#### WHAT YOU WILL DO
Each record should be given again exactly as it appears, with no image included.

· · ·

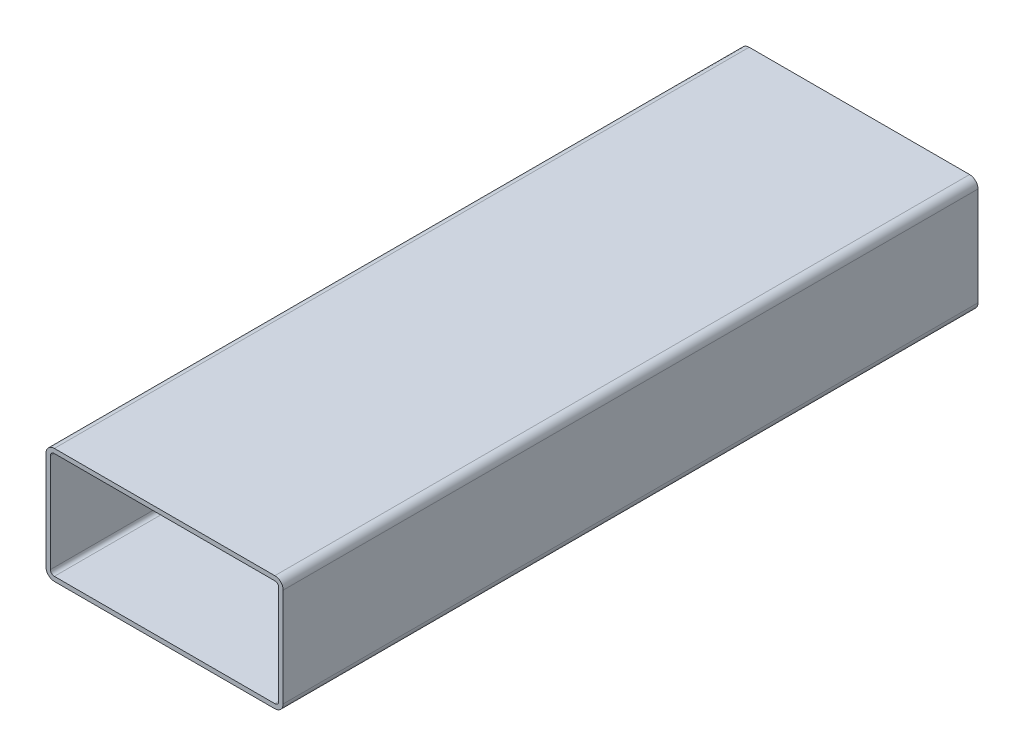
from build123d import *

# Parameters (mm, degrees)
BOSS_EXTRUDE1_DEPTH = 208
SHELL1_T            = -1.33


with BuildPart() as part:
    # Sketch1 → Boss-Extrude1 (new body)
    with BuildSketch(Plane.XY):
        with BuildLine():
            Line((-33, -17.25), (33, -17.25))
            ThreePointArc((33, -17.25), (34.767766953, -16.517766953), (35.5, -14.75))
            Line((35.5, -14.75), (35.5, 14.75))
            ThreePointArc((35.5, 14.75), (34.767766953, 16.517766953), (33, 17.25))
            Line((33, 17.25), (-33, 17.25))
            ThreePointArc((-33, 17.25), (-34.767766953, 16.517766953), (-35.5, 14.75))
            Line((-35.5, 14.75), (-35.5, -14.75))
            ThreePointArc((-35.5, -14.75), (-34.767766953, -16.517766953), (-33, -17.25))
        make_face()
    extrude(amount=-BOSS_EXTRUDE1_DEPTH)

    # Shell1
    shell1_openings = [part.faces().sort_by_distance(p)[0] for p in [
        (0, 0, -208),
        (0, 0, 0),
    ]]
    offset(amount=SHELL1_T, openings=shell1_openings, kind=Kind.INTERSECTION)


solid = part.part

· · ·

#### RESPONSE TO THE EXERCISE
from build123d import *

# Parameters (mm, degrees)
BOSS_EXTRUDE1_DEPTH = 208
SHELL1_T            = -1.33


with BuildPart() as part:
    # Sketch1 → Boss-Extrude1 (new body)
    with BuildSketch(Plane.XY):
        with BuildLine():
            Line((-33, -17.25), (33, -17.25))
            ThreePointArc((33, -17.25), (34.767766953, -16.517766953), (35.5, -14.75))
            Line((35.5, -14.75), (35.5, 14.75))
            ThreePointArc((35.5, 14.75), (34.767766953, 16.517766953), (33, 17.25))
            Line((33, 17.25), (-33, 17.25))
            ThreePointArc((-33, 17.25), (-34.767766953, 16.517766953), (-35.5, 14.75))
            Line((-35.5, 14.75), (-35.5, -14.75))
            ThreePointArc((-35.5, -14.75), (-34.767766953, -16.517766953), (-33, -17.25))
        make_face()
    extrude(amount=-BOSS_EXTRUDE1_DEPTH)

    # Shell1
    shell1_openings = [part.faces().sort_by_distance(p)[0] for p in [
        (0, 0, -208),
        (0, 0, 0),
    ]]
    offset(amount=SHELL1_T, openings=shell1_openings, kind=Kind.INTERSECTION)


solid = part.part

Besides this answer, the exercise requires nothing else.